WHAT TO PRODUCE
Which lines come from the start of the listing through the line holding "(-500, -434.9), align=None)"? Restate exactly those, both included, minus the pictures.

DATA RECORDS
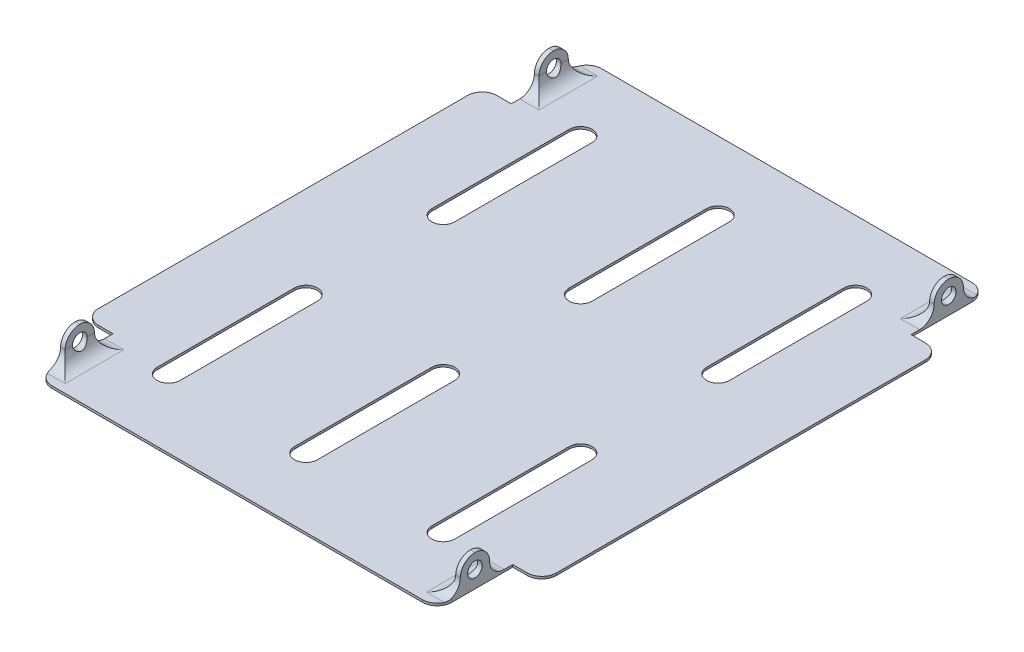
from build123d import *

# Parameters (mm, degrees)
BOSS_EXTRUDE1_DEPTH  = 5
CUT_EXTRUDE1_REACH   = 783.041
SKETCH3_W            = 64
SKETCH3_H            = 64
SKETCH3_R            = 16
BOSS_EXTRUDE2_DEPTH  = 10
FILLET1_R            = 32
FILLET1_OF_MIRROR1_R = 32
FILLET2_R            = 32


with BuildPart() as part:
    # Sketch1 → Boss-Extrude1 (new body)
    with BuildSketch(Plane(origin=(0, 0, 0), x_dir=(1, 0, 0), z_dir=(0, 1, 0))):
        Polygon((-436.5, -434.9), (-436.5, -600), (436.5, -600), (436.5, -434.9), (500, -434.9), (500, 434.9), (436.5, 434.9), (436.5, 600), (-436.5, 600), (-436.5, 434.9), (-500, 434.9), (-500, -434.9), align=None)
    extrude(amount=BOSS_EXTRUDE1_DEPTH)

    # Sketch2 → Cut-Extrude1 (cut, up to next)
    with BuildSketch(Plane(origin=(0, 5, 0), x_dir=(1, 0, 0), z_dir=(0, 1, 0)), mode=Mode.PRIVATE) as cut_extrude1_sk1:
        with BuildLine():
            Line((-275, -150), (-275, -450))
            ThreePointArc((-275, -450), (-300, -475), (-325, -450))
            Line((-325, -450), (-325, -150))
            ThreePointArc((-325, -150), (-300, -125), (-275, -150))
        make_face()
    cut_extrude1_tool1 = extrude(cut_extrude1_sk1.sketch, amount=-CUT_EXTRUDE1_REACH, mode=Mode.PRIVATE) & part.part
    # Sketch2 → Cut-Extrude1 (cut, up to next)
    with BuildSketch(Plane(origin=(0, 5, 0), x_dir=(1, 0, 0), z_dir=(0, 1, 0)), mode=Mode.PRIVATE) as cut_extrude1_sk2:
        with BuildLine():
            Line((-325, 150), (-325, 450))
            ThreePointArc((-325, 450), (-300, 475), (-275, 450))
            Line((-275, 450), (-275, 150))
            ThreePointArc((-275, 150), (-300, 125), (-325, 150))
        make_face()
    cut_extrude1_tool2 = extrude(cut_extrude1_sk2.sketch, amount=-CUT_EXTRUDE1_REACH, mode=Mode.PRIVATE) & part.part
    # Sketch2 → Cut-Extrude1 (cut, up to next)
    with BuildSketch(Plane(origin=(0, 5, 0), x_dir=(1, 0, 0), z_dir=(0, 1, 0)), mode=Mode.PRIVATE) as cut_extrude1_sk3:
        with BuildLine():
            Line((-25, 150), (-25, 450))
            ThreePointArc((-25, 450), (0, 475), (25, 450))
            Line((25, 450), (25, 150))
            ThreePointArc((25, 150), (0, 125), (-25, 150))
        make_face()
    cut_extrude1_tool3 = extrude(cut_extrude1_sk3.sketch, amount=-CUT_EXTRUDE1_REACH, mode=Mode.PRIVATE) & part.part
    # Sketch2 → Cut-Extrude1 (cut, up to next)
    with BuildSketch(Plane(origin=(0, 5, 0), x_dir=(1, 0, 0), z_dir=(0, 1, 0)), mode=Mode.PRIVATE) as cut_extrude1_sk4:
        with BuildLine():
            Line((25, -150), (25, -450))
            ThreePointArc((25, -450), (0, -475), (-25, -450))
            Line((-25, -450), (-25, -150))
            ThreePointArc((-25, -150), (0, -125), (25, -150))
        make_face()
    cut_extrude1_tool4 = extrude(cut_extrude1_sk4.sketch, amount=-CUT_EXTRUDE1_REACH, mode=Mode.PRIVATE) & part.part
    # Sketch2 → Cut-Extrude1 (cut, up to next)
    with BuildSketch(Plane(origin=(0, 5, 0), x_dir=(1, 0, 0), z_dir=(0, 1, 0)), mode=Mode.PRIVATE) as cut_extrude1_sk5:
        with BuildLine():
            Line((275, 150), (275, 450))
            ThreePointArc((275, 450), (300, 475), (325, 450))
            Line((325, 450), (325, 150))
            ThreePointArc((325, 150), (300, 125), (275, 150))
        make_face()
    cut_extrude1_tool5 = extrude(cut_extrude1_sk5.sketch, amount=-CUT_EXTRUDE1_REACH, mode=Mode.PRIVATE) & part.part
    # Sketch2 → Cut-Extrude1 (cut, up to next)
    with BuildSketch(Plane(origin=(0, 5, 0), x_dir=(1, 0, 0), z_dir=(0, 1, 0)), mode=Mode.PRIVATE) as cut_extrude1_sk6:
        with BuildLine():
            Line((325, -150), (325, -450))
            ThreePointArc((325, -450), (300, -475), (275, -450))
            Line((275, -450), (275, -150))
            ThreePointArc((275, -150), (300, -125), (325, -150))
        make_face()
    cut_extrude1_tool6 = extrude(cut_extrude1_sk6.sketch, amount=-CUT_EXTRUDE1_REACH, mode=Mode.PRIVATE) & part.part
    add(cut_extrude1_tool1.solids().sort_by_distance((-300, 5, 300))[0], mode=Mode.SUBTRACT)
    add(cut_extrude1_tool2.solids().sort_by_distance((-300, 5, -300))[0], mode=Mode.SUBTRACT)
    add(cut_extrude1_tool3.solids().sort_by_distance((0, 5, -300))[0], mode=Mode.SUBTRACT)
    add(cut_extrude1_tool4.solids().sort_by_distance((0, 5, 300))[0], mode=Mode.SUBTRACT)
    add(cut_extrude1_tool5.solids().sort_by_distance((300, 5, -300))[0], mode=Mode.SUBTRACT)
    add(cut_extrude1_tool6.solids().sort_by_distance((300, 5, 300))[0], mode=Mode.SUBTRACT)

    # Sketch3 → Boss-Extrude2 (add)
    # profile 1 of 2: a face of its own
    with BuildSketch(Plane(origin=(436.5, 0, 0), x_dir=(0, 0, -1), z_dir=(1, 0, 0))):
        with Locations((-517.45, 37)):
            Rectangle(SKETCH3_W, SKETCH3_H)
        with Locations((-517.45, 37)):
            Circle(SKETCH3_R, mode=Mode.SUBTRACT)
    # profile 2 of 2: a face of its own
    with BuildSketch(Plane(origin=(436.5, 0, 0), x_dir=(0, 0, -1), z_dir=(1, 0, 0))):
        with Locations((517.45, 37)):
            Rectangle(SKETCH3_W, SKETCH3_H)
        with Locations((517.45, 37)):
            Circle(SKETCH3_R, mode=Mode.SUBTRACT)
    boss_extrude2 = extrude(amount=-BOSS_EXTRUDE2_DEPTH)

    # Fillet1
    # the kernel refuses this fillet: 32 mm, written as the material it adds along each edge
    with BuildSketch(Plane(origin=(436.5, 5, -485.45), x_dir=(0, 0, 1), z_dir=(-1, 0, 0)), Plane(origin=(436.5, 5, 549.45), x_dir=(0, 0, 1), z_dir=(-1, 0, 0))) as fillet1_piece_1:
        with BuildLine():
            CenterArc((FILLET1_R, FILLET1_R), FILLET1_R, 180, 90)
            Line((0, FILLET1_R), (0, 0))
            Line((0, 0), (FILLET1_R, 0))
        make_face()
    extrude(amount=10)
    with BuildSketch(Plane(origin=(436.5, 5, -549.45), x_dir=(0, 0, -1), z_dir=(-1, 0, 0)), Plane(origin=(436.5, 5, 485.45), x_dir=(0, 0, -1), z_dir=(-1, 0, 0))) as fillet1_piece_2:
        with BuildLine():
            CenterArc((FILLET1_R, -FILLET1_R), FILLET1_R, 90, 90)
            Line((0, -FILLET1_R), (0, 0))
            Line((0, 0), (FILLET1_R, 0))
        make_face()
    extrude(amount=10)
    with BuildSketch(Plane(origin=(426.5, 5, 485.45), x_dir=(-1, 0, 0), z_dir=(0, 0, 1))) as fillet1_piece_3_section:
        with BuildLine():
            CenterArc((FILLET1_R, -FILLET1_R), FILLET1_R, 90, 90)
            Line((0, -FILLET1_R), (0, 0))
            Line((0, 0), (FILLET1_R, 0))
        make_face()
    fillet1_piece_3 = extrude(amount=64, mode=Mode.PRIVATE)
    fillet1_piece_3 = fillet1_piece_3 - Plane(origin=(418.973446598, 37, 517.45), x_dir=(0, 0, -1), z_dir=(1, 0, 0)) * Cylinder(16, 257, mode=Mode.PRIVATE)
    add(fillet1_piece_3)
    with BuildSketch(Plane(origin=(426.5, 5, -549.45), x_dir=(-1, 0, 0), z_dir=(0, 0, 1))) as fillet1_piece_4_section:
        with BuildLine():
            CenterArc((FILLET1_R, -FILLET1_R), FILLET1_R, 90, 90)
            Line((0, -FILLET1_R), (0, 0))
            Line((0, 0), (FILLET1_R, 0))
        make_face()
    fillet1_piece_4 = extrude(amount=64, mode=Mode.PRIVATE)
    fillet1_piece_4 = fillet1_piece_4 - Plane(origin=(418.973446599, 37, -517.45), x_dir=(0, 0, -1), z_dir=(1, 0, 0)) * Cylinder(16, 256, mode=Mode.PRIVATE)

ANSWER
from build123d import *

# Parameters (mm, degrees)
BOSS_EXTRUDE1_DEPTH  = 5
CUT_EXTRUDE1_REACH   = 783.041
SKETCH3_W            = 64
SKETCH3_H            = 64
SKETCH3_R            = 16
BOSS_EXTRUDE2_DEPTH  = 10
FILLET1_R            = 32
FILLET1_OF_MIRROR1_R = 32
FILLET2_R            = 32


with BuildPart() as part:
    # Sketch1 → Boss-Extrude1 (new body)
    with BuildSketch(Plane(origin=(0, 0, 0), x_dir=(1, 0, 0), z_dir=(0, 1, 0))):
        Polygon((-436.5, -434.9), (-436.5, -600), (436.5, -600), (436.5, -434.9), (500, -434.9), (500, 434.9), (436.5, 434.9), (436.5, 600), (-436.5, 600), (-436.5, 434.9), (-500, 434.9), (-500, -434.9), align=None)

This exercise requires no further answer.